# New UK market penn 525 mag 4 reviews



## NJbruce (Mar 30, 2018)

has anyone knowledge of the new reel? It’s cheaper than the mag 3, why? The 3 has stainless gears, I’m guessing the 4 has bronze/brass alloy?


----------



## Don B (Jul 28, 2001)

*Latest version of Penn’s Long casting beach classic
Superb all-round beach reel
Improved graphite cage with extra bracing between reel foot and crossbars – greater rigidity and less risk of flex under extreme load
Aluminium reinforced graphite side plates
Adjustable magnetic brake system
Improved ‘CS’ style mag adjuster knob
Knob allows easy adjustment to the braking, even during the cast
Smooth and effortless casting
Strong stainless steel main and pinion gears
6+1 Shielded stainless steel ball bearings
Instant anti-reverse roller bearing
Live spindle with free floating spool
Forged and machined aluminium spool
Premium oiled Inboard bearings allow the spool to sit on the floating shaft
Versa drag system with super smooth HT-100 drag washers
Maximum drag 9kg
Strengthen handle with comfortable soft touch T knob
Line level markings
Attractive blue trim
Mono capacity yd/lb 280/15 245/17 185/20
6.1:1 retrieve
Recovery 29’’
Weight 439gms*


----------



## NJbruce (Mar 30, 2018)

Thanks Don, don’t know why my search didn’t get those details.

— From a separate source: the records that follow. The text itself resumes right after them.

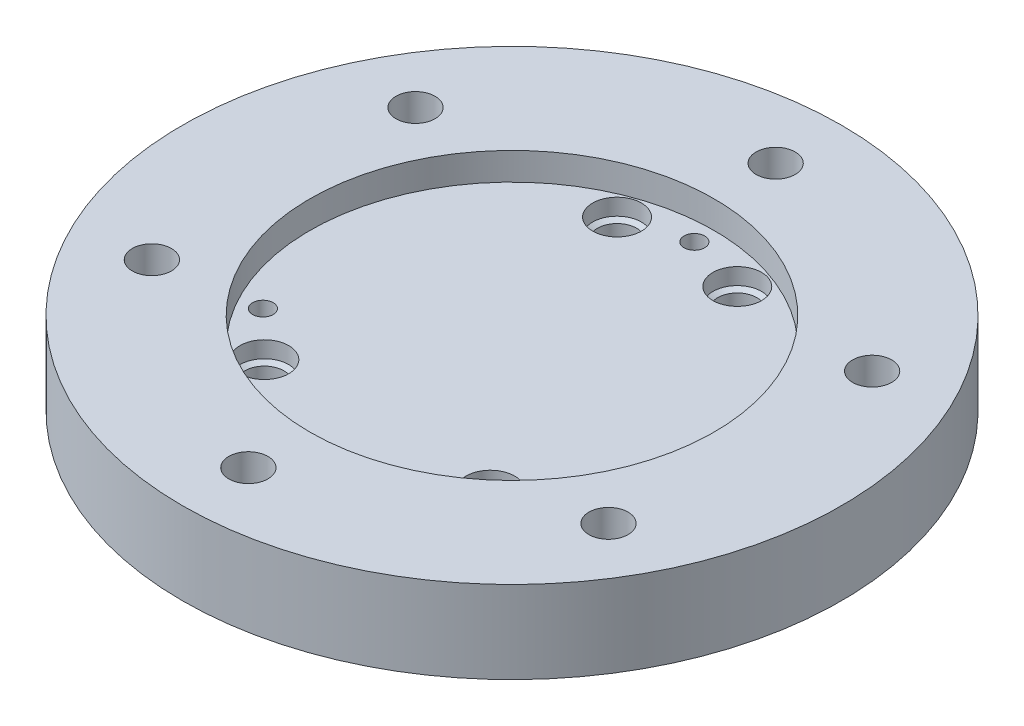
SolidWorks part; units mm, degrees
ref_plane "Front Plane" through (0, 0, 0) normal (0, 0, 1) x (1, 0, 0)
ref_plane "Top Plane" through (0, 0, 0) normal (0, 1, 0) x (1, 0, 0)
ref_plane "Right Plane" through (0, 0, 0) normal (1, 0, 0) x (0, 0, -1)
ref_axis "Y Axis" through (0, 0.1588, 0) along (0, -1, 0)
sketch "outer" plane through (0, 0, 0) normal (0, 1, 0) x (1, 0, 0)
  circle A0 centre (0, 0) radius 19.05
  dimension "D1" = 38.1
extrude "Body" add sketch "outer" against normal blind 4.7625
sketch "inner" plane through (0, 0, 0) normal (0, 1, 0) x (1, 0, 0)
  circle A0 centre (0, 0) radius 11.684
  dimension "D1" = 23.368
extrude "Pocket" cut sketch "inner" against normal blind 1.5875
sketch "Screw Position" plane through (0, 0, 0) normal (0, 1, 0) x (1, 0, 0)
  point P0 (0, -15.24)
  dimension "D1" = 15.24
hole_wizard "#4-40 Tapped Hole3" positions "Sketch12" profile "Sketch13" tap size "#4-40" standard "ANSI Inch" end condition through all
sketch "Sketch12" plane through (0, 0, 0) normal (0, 1, 0) x (1, 0, 0)
  point P0 (0, -15.24)
sketch "Sketch13" plane through (0, 0, 15.24) normal (1, 0, 0) x (0, 0, 1)
  line L0 (0, 0) -> (0, 4.7625)
  line L1 (0, 4.7625) -> (1.1303, 4.7625)
  line L2 (1.1303, 4.7625) -> (1.1303, 0)
  line L5 (1.1303, 0) -> (0, 0)
  line L11 (0, -6.35) -> (0, 107.95) construction
  dimension "Thru Tap Drill Dia." = 2.2606
  dimension "Thru Tap Drill Depth" = 4.7625
cosmetic thread "Hole Thread3" parameters "D2"=2.8448
pattern_circular "Screw Holes" count 6 over 360 about axis through (0, 0.1588, 0) along (0, -1, 0) of "#4-40 Tapped Hole3"
sketch "Inner Screw Position" plane through (0, 0, 0) normal (0, 1, 0) x (1, 0, 0)
  point P0 (0, 10.541)
  dimension "D1" = 10.541
hole_wizard "#0-80 Tapped Hole1" positions "Sketch16" profile "Sketch17" tap size "#0-80" standard "ANSI Inch" end condition through all
sketch "Sketch16" plane through (0, -1.5875, 0) normal (0, 1, 0) x (1, 0, 0)
  point P0 (0, 10.541)
sketch "Sketch17" plane through (0, -1.5875, -10.541) normal (1, 0, 0) x (0, 0, 1)
  line L0 (0, 0) -> (0, 3.175)
  line L1 (0, 3.175) -> (0.5956, 3.175)
  line L2 (0.5956, 3.175) -> (0.5956, 0)
  line L5 (0.5956, 0) -> (0, 0)
  line L11 (0, -6.35) -> (0, 107.95) construction
  dimension "Thru Tap Drill Dia." = 1.1913
  dimension "Thru Tap Drill Depth" = 3.175
cosmetic thread "Hole Thread4" parameters "D2"=1.524
pattern_circular "Inner Screw Holes" count 3 over 360 about axis through (0, 0.1588, 0) along (0, -1, 0) of "#0-80 Tapped Hole1"
sketch "IO Postion" plane through (0, 0, 0) normal (0, 1, 0) x (1, 0, 0)
  line L0 (0, 0) -> (-3.4749, 9.5473) construction
  line L1 (0, 0) -> (-5.9719, 8.2196) construction
  point P0 (-3.4749, 9.5473)
  point P1 (0, 0)
  point P5 (-5.9719, 8.2196)
  point P6 (-8.0062, 6.2551)
  point P7 (-9.4202, 3.806)
  point P8 (-10.1043, 1.062)
  point P9 (-10.0056, -1.7643)
  point P13 (10.0056, -1.7643)
  point P14 (10.1043, 1.062)
  point P15 (9.4202, 3.806)
  point P16 (8.0062, 6.2551)
  point P17 (5.9719, 8.2196)
  point P18 (3.4749, 9.5473)
  point P19 (-6.5307, -7.783)
  point P20 (-4.1324, -9.2816)
  point P21 (-1.414, -10.0611)
  point P22 (1.414, -10.0611)
  point P23 (4.1324, -9.2816)
  point P24 (6.5307, -7.783)
  point P25 (0, 0)
  dimension "D3" = 16
  dimension "D2" = 6
  dimension "D4" = 3
hole_wizard "#43 (0.089) Diameter Hole1" positions "Sketch20" profile "Sketch21" hole size "#43" standard "ANSI Inch" end condition through all
sketch "Sketch20" plane through (0, -1.5875, 0) normal (0, 1, 0) x (1, 0, 0)
  point P0 (-3.4749, 9.5473)
sketch "Sketch21" plane through (-3.4749, -1.5875, -9.5473) normal (1, 0, 0) x (0, 0, 1)
  line L0 (0, 0) -> (0, 3.175)
  line L1 (0, 3.175) -> (1.1303, 3.175)
  line L2 (1.1303, 3.175) -> (1.1303, 0)
  line L5 (1.1303, 0) -> (0, 0)
  line L11 (0, -6.35) -> (0, 107.95) construction
  dimension "Thru Hole Dia." = 2.2606
  dimension "Thru Hole Depth" = 3.175
hole_wizard "#34 (0.111) Diameter Hole1" positions "Sketch22" profile "Sketch23" hole size "#34" standard "ANSI Inch"
sketch "Sketch22" plane through (0, -1.5875, 0) normal (0, 1, 0) x (1, 0, 0)
  point P0 (-3.4749, 9.5473)
sketch "Sketch23" plane through (-3.4749, -1.5875, -9.5473) normal (1, 0, 0) x (0, 0, 1)
  line L0 (0, 0) -> (0, 1.7995)
  line L1 (0, 1.7995) -> (1.4097, 0.9525)
  line L2 (1.4097, 0.9525) -> (1.4097, 0)
  line L5 (1.4097, 0) -> (0, 0)
  line L10 (0, 1.7995) -> (-1.4097, 0.9525) construction
  line L11 (0, -6.35) -> (0, 107.95) construction
  dimension "Hole Dia." = 2.8194
  dimension "Hole Depth" = 0.9525
  dimension "Drill Angle" = 118
hole_wizard "#34 (0.111) Diameter Hole2" positions "Sketch28" profile "Sketch27" hole size "#34" standard "ANSI Inch"
sketch "Sketch28" plane through (0, -4.7625, 0) normal (0, -1, 0) x (-1, 0, 0)
  point P0 (3.4749, 9.5473)
sketch "Sketch27" plane through (-3.4749, -4.7625, -9.5473) normal (1, 0, 0) x (0, 0, -1)
  line L0 (0, 0) -> (0, 1.7995)
  line L1 (0, 1.7995) -> (1.4097, 0.9525)
  line L2 (1.4097, 0.9525) -> (1.4097, 0)
  line L5 (1.4097, 0) -> (0, 0)
  line L10 (0, 1.7995) -> (-1.4097, 0.9525) construction
  line L11 (0, -6.35) -> (0, 107.95) construction
  dimension "Hole Dia." = 2.8194
  dimension "Hole Depth" = 0.9525
  dimension "Drill Angle" = 118
sketch "IO Hole Position" plane through (0, 0, 0) normal (0, 1, 0) x (1, 0, 0)
  point P0 (3.4749, 9.5473)
  point P1 (-6.5307, -7.783)
  point P3 (6.5307, -7.783)
pattern_sketch "IO Holes Pattern" of "#43 (0.089) Diameter Hole1", "#34 (0.111) Diameter Hole1", "#34 (0.111) Diameter Hole2" driven by "IO Hole Position"
equation "\"outer_d\"= 3 / 2in"
equation "\"screw_r\"= 0.6in"
equation "\"inner_d\" = 0.920in"
equation "\"bottom_h\" = 3 / 16in"
equation "\"pocket_h\"= 1 / 16in"
equation "\"screw_inner_r\"= 0.415in"
equation "\"io_r\"= 0.4in"
equation "\"D1@outer\" = \"outer_d\""
equation "\"D1@Body\" = \"bottom_h\""
equation "\"D1@inner\" = \"inner_d\""
equation "\"D1@Pocket\"=\"pocket_h\""
equation "\"D1@Screw Position\" = \"screw_r\""
equation "\"D1@Inner Screw Position\" = \"screw_inner_r\""
equation "\"D1@IO Postion\" = \"io_r\""
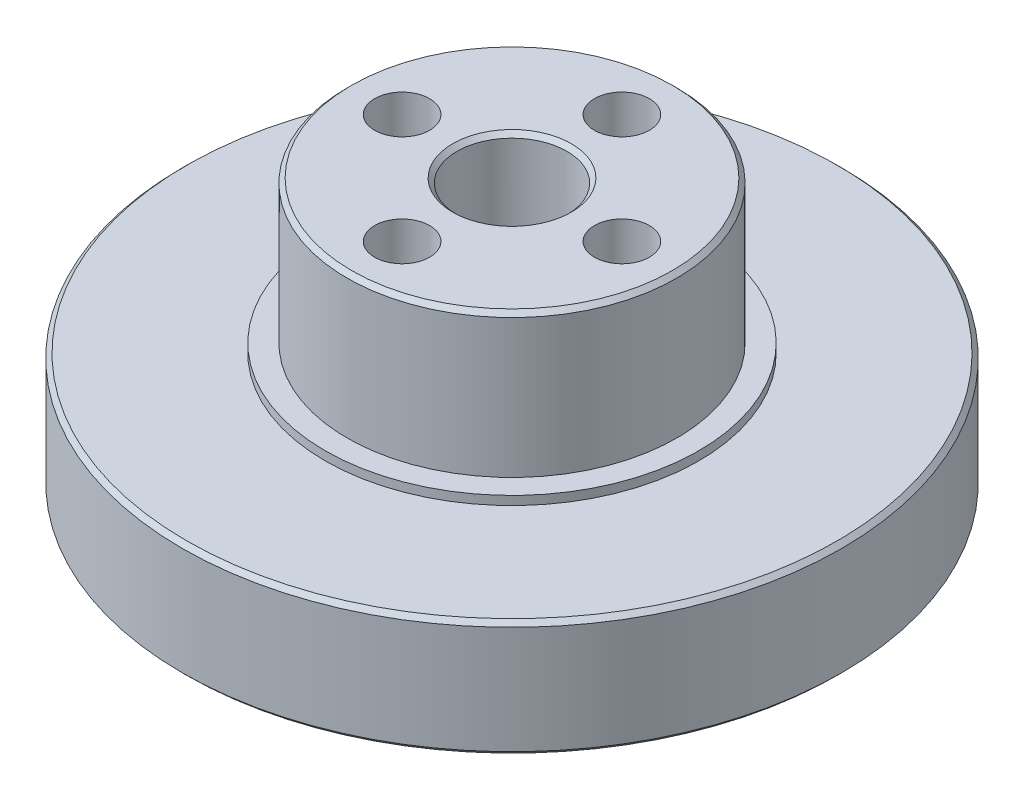
SolidWorks part; units mm, degrees
ref_plane "前视基准面" through (0, 0, 0) normal (0, 0, 1) x (1, 0, 0)
ref_plane "上视基准面" through (0, 0, 0) normal (0, 1, 0) x (1, 0, 0)
ref_plane "右视基准面" through (0, 0, 0) normal (1, 0, 0) x (0, 0, -1)
other "Configuration Table"
sketch "草图1" plane through (0, 0, 0) normal (0, 1, 0) x (1, 0, 0)
  circle A0 centre (0, 0) radius 11.525 construction
  circle A1 centre (0, 11.525) radius 1.83
  circle A2 centre (9.9809, 5.7625) radius 1.83
  circle A3 centre (9.9809, -5.7625) radius 1.83
  circle A4 centre (0, -11.525) radius 1.83
  circle A5 centre (-9.9809, -5.7625) radius 1.83
  circle A6 centre (-9.9809, 5.7625) radius 1.83
  circle A8 centre (0, 0) radius 15
  point P18 (0, 0)
  dimension "D1" = 23.05
  dimension "D2" = 3.66
  dimension "D5" = 30
  dimension "D3" = 6
extrude "凸台-拉伸1" add sketch "草图1" along normal blind 3.7
sketch "草图2" plane through (0, 3.7, 0) normal (0, 1, 0) x (1, 0, 0)
  circle A0 centre (0, 0) radius 15
extrude "凸台-拉伸2" add sketch "草图2" along normal blind 1.6
sketch "草图3" plane through (0, 5.3, 0) normal (0, 1, 0) x (1, 0, 0)
  circle A0 centre (0, 0) radius 8.5
  dimension "D1" = 17
extrude "凸台-拉伸3" add sketch "草图3" along normal blind 0.4
sketch "草图4" plane through (0, 5.7, 0) normal (0, 1, 0) x (1, 0, 0)
  circle A0 centre (0, 0) radius 7.5
  dimension "D1" = 15
extrude "凸台-拉伸4" add sketch "草图4" along normal blind 6.5
sketch "草图5" plane through (0, 12.2, 0) normal (0, 1, 0) x (1, 0, 0)
  circle A0 centre (0, 5) radius 1.25
  circle A1 centre (5, 0) radius 1.25
  circle A2 centre (0, -5) radius 1.25
  circle A3 centre (-5, 0) radius 1.25
  circle A4 centre (0, 0) radius 2.5
  point P12 (0, 0)
  dimension "D1" = 2.5
  dimension "D2" = 5
  dimension "D4" = 5
  dimension "D3" = 4
extrude "切除-拉伸1" cut sketch "草图5" against normal blind 7
chamfer "倒角1" distance 0.2 angle 45 10 edges at (-9.9809, 0, -3.9325) (-9.9809, 0, 7.5925) (0, 0, 13.355) (9.9809, 0, 7.5925) (9.9809, 0, -3.9325) (0, 0, -9.695) (0, 0, 15) (0, 12.2, 7.5) (0, 5.3, 15) (0, 12.2, 2.5)
sketch "草图7" plane through (0, 5.2, 0) normal (0, 1, 0) x (1, 0, 0)
  circle A2 centre (0, 0) radius 2.5 construction
  circle A3 centre (0, 0) radius 2.5
extrude "切除-拉伸4" cut sketch "草图7" against normal through all
sketch "草图8" plane through (0, 0, 0) normal (0, -1, 0) x (-1, 0, 0)
  circle A0 centre (0, 0) radius 6
  dimension "D1" = 6
extrude "切除-拉伸5" cut sketch "草图8" against normal blind 2
chamfer "倒角2" distance 0.5 angle 45 3 edges at (0, 0, -6) (0, 2, -2.5) (0, 2, -6)

I ordered one to dissect and test.


----------



## Don B (Jul 28, 2001)

Here's a link to the Penn UK website.






Conventional Reels


PENN




www.penn-fishing.co.uk


----------



## Catch This (Nov 19, 2005)

439 grams = 15.5 oz. I would be interested in seeing reviews. I say this after I just got upgraded to all fathom I's and II's.


----------